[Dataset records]
※ ※ ※
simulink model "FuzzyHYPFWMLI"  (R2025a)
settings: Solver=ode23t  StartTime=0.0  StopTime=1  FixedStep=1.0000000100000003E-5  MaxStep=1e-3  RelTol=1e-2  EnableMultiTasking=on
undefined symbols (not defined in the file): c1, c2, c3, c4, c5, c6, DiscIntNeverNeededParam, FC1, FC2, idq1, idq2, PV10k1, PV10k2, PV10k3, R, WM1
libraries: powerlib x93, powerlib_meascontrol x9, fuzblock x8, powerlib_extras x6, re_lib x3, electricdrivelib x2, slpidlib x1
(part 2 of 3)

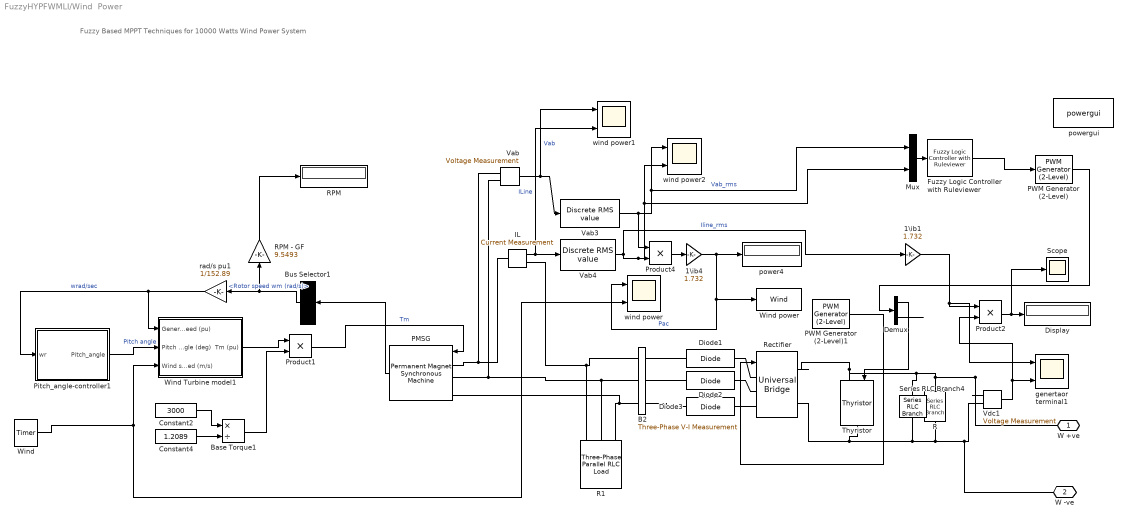
== system FuzzyHYPFWMLI/Wind  Power  ==
  note: Fuzzy Based MPPT Techniques for 10000 Watts Wind Power System
  1\ib1 : Gain  Gain=1.732  SaturateOnIntegerOverflow=on  OutDataTypeStr=Inherit: Same as input  ParamDataTypeStr=Inherit: Same as input
  1\ib4 : Gain  Gain=1.732  SaturateOnIntegerOverflow=on  OutDataTypeStr=Inherit: Same as input  ParamDataTypeStr=Inherit: Same as input
  "B2 " : powerlib/Measurements/Three-Phase V-I Measurement  VoltageMeasurement=no  SetLabelV=on  LabelV=Vabc_B2  Vpu=off  VpuLL=off  CurrentMeasurement=no  SetLabelI=on  LabelI=Iabc_B2  Ipu=off  Pbase=100e6  Vbase=500e3  OutputType=Magnitude  PhasorSimulation=off  PSBequivalent=0
  Base Torque1 : Product  Inputs=*/  RndMeth=Zero
  Bus Selector1 : BusSelector  OutputSignals=Rotor speed wm (rad/s)
  Constant2 : Constant  Value=3000
  Constant4 : Constant  Value=1.2089
  Demux : Demux  Outputs=2
  Diode1 : powerlib/Power Electronics/Diode  Ron=0.001  Lon=0  Vf=0.8  IC=0  UseSnubber=off  Rs=500  Cs=250e-9  Measurements=off
  Diode2 : powerlib/Power Electronics/Diode  Ron=0.001  Lon=0  Vf=0.8  IC=0  UseSnubber=off  Rs=500  Cs=250e-9  Measurements=off
  Diode3 : powerlib/Power Electronics/Diode  Ron=0.001  Lon=0  Vf=0.8  IC=0  UseSnubber=off  Rs=500  Cs=250e-9  Measurements=off
  Display : Display
  Fuzzy Logic Controller with Ruleviewer : fuzblock/Fuzzy Logic  Controller  with Ruleviewer  fismatrix=[WM1]  Ts=0.01
  IL : powerlib/Measurements/Current Measurement  PhasorSimulation=off  OutputType=Complex  PSBequivalent=0
  Mux : Mux  Inputs=2
  PMSG : powerlib/Machines/Permanent Magnet Synchronous Machine  NbPhases=3  FluxDistribution=Sinusoidal  RotorType=Round  MechanicalLoad=Torque Tm  PresetModel=No  ShowDetailedParameters=on  MeasurementBus=off  Resistance=0.0918  Inductance=8.5e-3  dqInductances=[0.0082 0.0082]  La=0.000975  MachineConstant=Flux linkage established by magnets (V.s)  Flux=0.1688  VoltageCst=122.4677  TorqueCst=1.0128  Flat=120  Mechanical=[0.003945 0.0004924 4 0]  PolePairs=4  InitialConditions=[0,0, 0,0]  InitialConditions5ph=[0 0 0 0 0 0]  TsPowergui=0  TsBlock=-1  RefAngle=90 degrees behind phase A axis (modified Park)
      settings: SourceProductName=Simscape Power Systems
  PWM Generator (2-Level) : powerlib_meascontrol/Pulse & Signal Generators/PWM Generator (2-Level)  ModulatorType=Single-phase half-bridge (2 pulses)  ModulatorMode=Unsynchronized  Fc=3000  Pc=90  nF=27  MinMax="[ -1  1 ]"  SamplingTechnique=Natural  ModulatingSignals=off  m=0.8  Freq=60  Phase=0  Ts=0  ShowCarrierOutport=off
      settings: SourceProductName=Simscape Power Systems
  PWM Generator (2-Level)1 : powerlib_meascontrol/Pulse & Signal Generators/PWM Generator (2-Level)  ModulatorType=Three-phase bridge (6 pulses)  ModulatorMode=Unsynchronized  Fc=27*60  Pc=90  nF=27  MinMax="[ -1  1 ]"  SamplingTechnique=Natural  ModulatingSignals=on  m=0.7  Freq=50  Phase=0  Ts=0  ShowCarrierOutport=off
      settings: SourceProductName=Simscape Power Systems
  Pitch_angle-controller1 : Subsystem
  Product1 : Product  RndMeth=Zero
  Product2 : Product  RndMeth=Zero
  Product4 : Product  RndMeth=Zero
  R : powerlib/Elements/Series RLC Branch  LConnTagsString=__new0  RConnTagsString=__new0  BranchType=R  Resistance=10e3  Inductance=1e-3  SetiL0=off  InitialCurrent=0  Capacitance=1e-6  Setx0=off  InitialVoltage=0  Measurements=None
  "R1 " : powerlib/Elements/Three-Phase Parallel RLC Load  LConnTagsString=A|B|C  Configuration=Y (grounded)  NominalVoltage=220  Vabc=[1e3 1e3 1e3]  Vabcp=[1e3 1e3 1e3]  NominalFrequency=50  UnbalancedPower=off  ActivePower=12000  InductivePower=0  CapacitivePower=0  Pabc=[9e3 9e3 9e3]  QLabc=[100 90 110]  QCabc=[100 90 110]  Pabcp=[10e3 9e3 11e3]  QLabcp=[100 90 110]  QCabcp=[100 90 110]  Measurements=None  LoadType=constant Z
  "RPM " : Display
  RPM - GF : Gain  Gain=9.5493  SaturateOnIntegerOverflow=on  OutDataTypeStr=Inherit: Same as input  ParamDataTypeStr=Inherit: Same as input
  Rectifier : powerlib/Power Electronics/Universal Bridge  Arms=3  SnubberResistance=100  SnubberCapacitance=0.1e-6  Device=IGBT / Diodes  Ron=1e-3  Lon=0  ForwardVoltages="[  100  100  ]"  ForwardVoltage=.8  GTOparameters=[ 10e-6 , 20e-6 ]  IGBTparameters=[ 1e-6 , 2e-6 ]  Measurements=Device currents  Measurements_2=None  converterType=Rectifier
  Scope : Scope
      settings: Title=Fuzzy Wind MPPT  ActiveDisplayYMinimum=-1251.33886  ActiveDisplayYMaximum=11262.04974  YLabel=Power ( W )
  Series RLC Branch4 : powerlib/Elements/Series RLC Branch  LConnTagsString=__new0  RConnTagsString=__new0  BranchType=C  Resistance=R  Inductance=1e-3  SetiL0=off  InitialCurrent=0  Capacitance=470e-5  Setx0=off  InitialVoltage=0  Measurements=Branch voltage and current
  Thyristor : powerlib/Power Electronics/Thyristor  Ron=0.001  Lon=0  Vf=220  IC=0  Rs=500  Cs=250e-9  Measurements=off
  Vab : powerlib/Measurements/Voltage Measurement  PhasorSimulation=off  OutputType=Complex  PSBequivalent=0
  Vab3 : powerlib_extras/Discrete Measurements/Discrete  RMS value  Freq=50  Mag_Init=0  Ts=20e-6
  Vab4 : powerlib_extras/Discrete Measurements/Discrete  RMS value  Freq=50  Mag_Init=0  Ts=20e-6
  Vdc1 : powerlib/Measurements/Voltage Measurement  Tag=PoWeRsYsTeMmEaSuReMeNt  PhasorSimulation=off  OutputType=Magnitude  PSBequivalent=0
  "Wind " : powerlib_extras/Control  Blocks/Timer  t=[0 0.05 0.1 0.15 0.2 ]  e=[5 7 11 12 12]
  Wind Turbine model1 : Subsystem  AncestorBlock=DRlib/Wind Generation/Wind Turbine  DialogController=POWERSYS.PowerSysDialog  mask(Wind Turbine){Pnom=10000, Pelec_base=10000/0.9, wind_base=12, P_wind_base=0.8, speed_nom=1, pitch_angle=0, DisplayTurbChar=off, c1_c6=[0.51763          116          0.4            5           21     0.006795], cp_nom=0.48, lambda_nom=8.1}
      mask prompts: Pnom "Nominal mechanical output power (W):"; Pelec_base "Base power of the electrical generator (VA):"; wind_base "Base wind speed (m/s):"; P_wind_base "Maximum power at base wind speed (pu of nominal mechanical power):"; speed_nom "Base rotational speed (p.u. of base generator speed):"; pitch_angle "Pitch angle beta to display wind-turbine power characteristics (beta >=0)  (deg):"; DisplayTurbChar "Display wind turbine power characteristics"
      mask help:
      | This block implements a variable pitch wind turbine model. The performance coefficient Cp of the turbine is the mechanical output power of the turbine divided by wind power and a function of wind speed, rotational speed, and pitch angle (beta). Cp reaches its maximum value at zero beta. Select the wind-turbine power characteristics display to plot the turbine characteristics at the specified pitch angle.
      |
      | The first input is the generator speed in per unit of the generator base speed. For a synchronous or asynchronous generator, the base speed is the synchronous speed. For a permanent-magnet generator, the base speed is defined as the speed producing nominal voltage at  no load. The second input is the blade pitch angle (beta) in degrees. The third input is the wind speed in m/s.
      |
      | The output is the torque applied to the generator shaft in per unit of the generator ratings.
      |
      | The turbine inertia must be added to the generator inertia.
      mask init:
      | %Wind turbine typical characteristic data
      | %c2=116;c3=0.4;c4=5;c5=21;
      | %Computation of c1 and c6 for lambda_nom et cpmax
      | %lambda_nom=8.1;
      | %cp_max=0.48;
      | %cp_nom=cp_max;
      | 
      | %lambda_i_nom=1/(1/lambda_nom-0.035);
      | %k_nom=-(c2*c5/lambda_i_nom-c4*c5-c2)*exp(-c5/lambda_i_nom)/lambda_nom^2;
      | %c1=cp_max/((c2/lambda_i_nom-c4)*exp(-c5/lambda_i_nom)+k_nom*lambda_nom);
      | %c6=k_nom*c1;
      | power_initmask();
      mask Help: web(psbhelp);
      mask Callback Pnom:
      | ParVisible={'on','on','on','on','on','on','on','off','off','off',};
      | set_param(gcb,'MaskVisibilities',ParVisible);
      | c1_c6=str2num(get_param(gcb,'c1_c6'));
      | c1=c1_c6(1);c2=c1_c6(2);c3=c1_c6(3);c4=c1_c6(4);c5=c1_c6(5);c6=c1_c6(6);
      mask Callback DisplayTurbChar:
      | DisplayTurbChar=get_param(gcb,'DisplayTurbChar');
      | 
      | if strcmp(DisplayTurbChar,'on')
      |     fig_num=figure;
      | 	clf(fig_num);
      | 	[speed_nom,wind_base,P_wind_base,pitch_angle]=getSPSmaskvalues(gcb,{'speed_nom','wind_base','P_wind_base','pitch_angle'});
      | 	[c1_c6,lambda_nom,cp_nom]=getSPSmaskvalues(gcb,{'c1_c6','lambda_nom','cp_nom'});
      | 	c1=c1_c6(1);c2=c1_c6(2);c3=c1_c6(3);c4=c1_c6(4);c5=c1_c6(5);c6=c1_c6(6);
      | 
      | 	%Wind turbine typical characteristic data
      |     %c2=116;c3=0.4;c4=5;c5=21;
      |     %Computation of c1 and c6 for lambda_nom et cpmax
      |     %lambda_nom=8.1;
      |     %cp_max=0.48;
      |     %cp_nom=cp_max;
      | 
      |     %lambda_i_nom=1/(1/lambda_nom-0.035);
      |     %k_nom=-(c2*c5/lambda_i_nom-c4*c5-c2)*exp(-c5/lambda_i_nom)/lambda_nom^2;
※ ※ ※
WORK TASK ▸
Please copy each line of the entries in which the word "Three" shows up.

EXERCISE RESPONSE ▸
  "B2 " : powerlib/Measurements/Three-Phase V-I Measurement  VoltageMeasurement=no  SetLabelV=on  LabelV=Vabc_B2  Vpu=off  VpuLL=off  CurrentMeasurement=no  SetLabelI=on  LabelI=Iabc_B2  Ipu=off  Pbase=100e6  Vbase=500e3  OutputType=Magnitude  PhasorSimulation=off  PSBequivalent=0
  PWM Generator (2-Level)1 : powerlib_meascontrol/Pulse & Signal Generators/PWM Generator (2-Level)  ModulatorType=Three-phase bridge (6 pulses)  ModulatorMode=Unsynchronized  Fc=27*60  Pc=90  nF=27  MinMax="[ -1  1 ]"  SamplingTechnique=Natural  ModulatingSignals=on  m=0.7  Freq=50  Phase=0  Ts=0  ShowCarrierOutport=off
  "R1 " : powerlib/Elements/Three-Phase Parallel RLC Load  LConnTagsString=A|B|C  Configuration=Y (grounded)  NominalVoltage=220  Vabc=[1e3 1e3 1e3]  Vabcp=[1e3 1e3 1e3]  NominalFrequency=50  UnbalancedPower=off  ActivePower=12000  InductivePower=0  CapacitivePower=0  Pabc=[9e3 9e3 9e3]  QLabc=[100 90 110]  QCabc=[100 90 110]  Pabcp=[10e3 9e3 11e3]  QLabcp=[100 90 110]  QCabcp=[100 90 110]  Measurements=None  LoadType=constant Z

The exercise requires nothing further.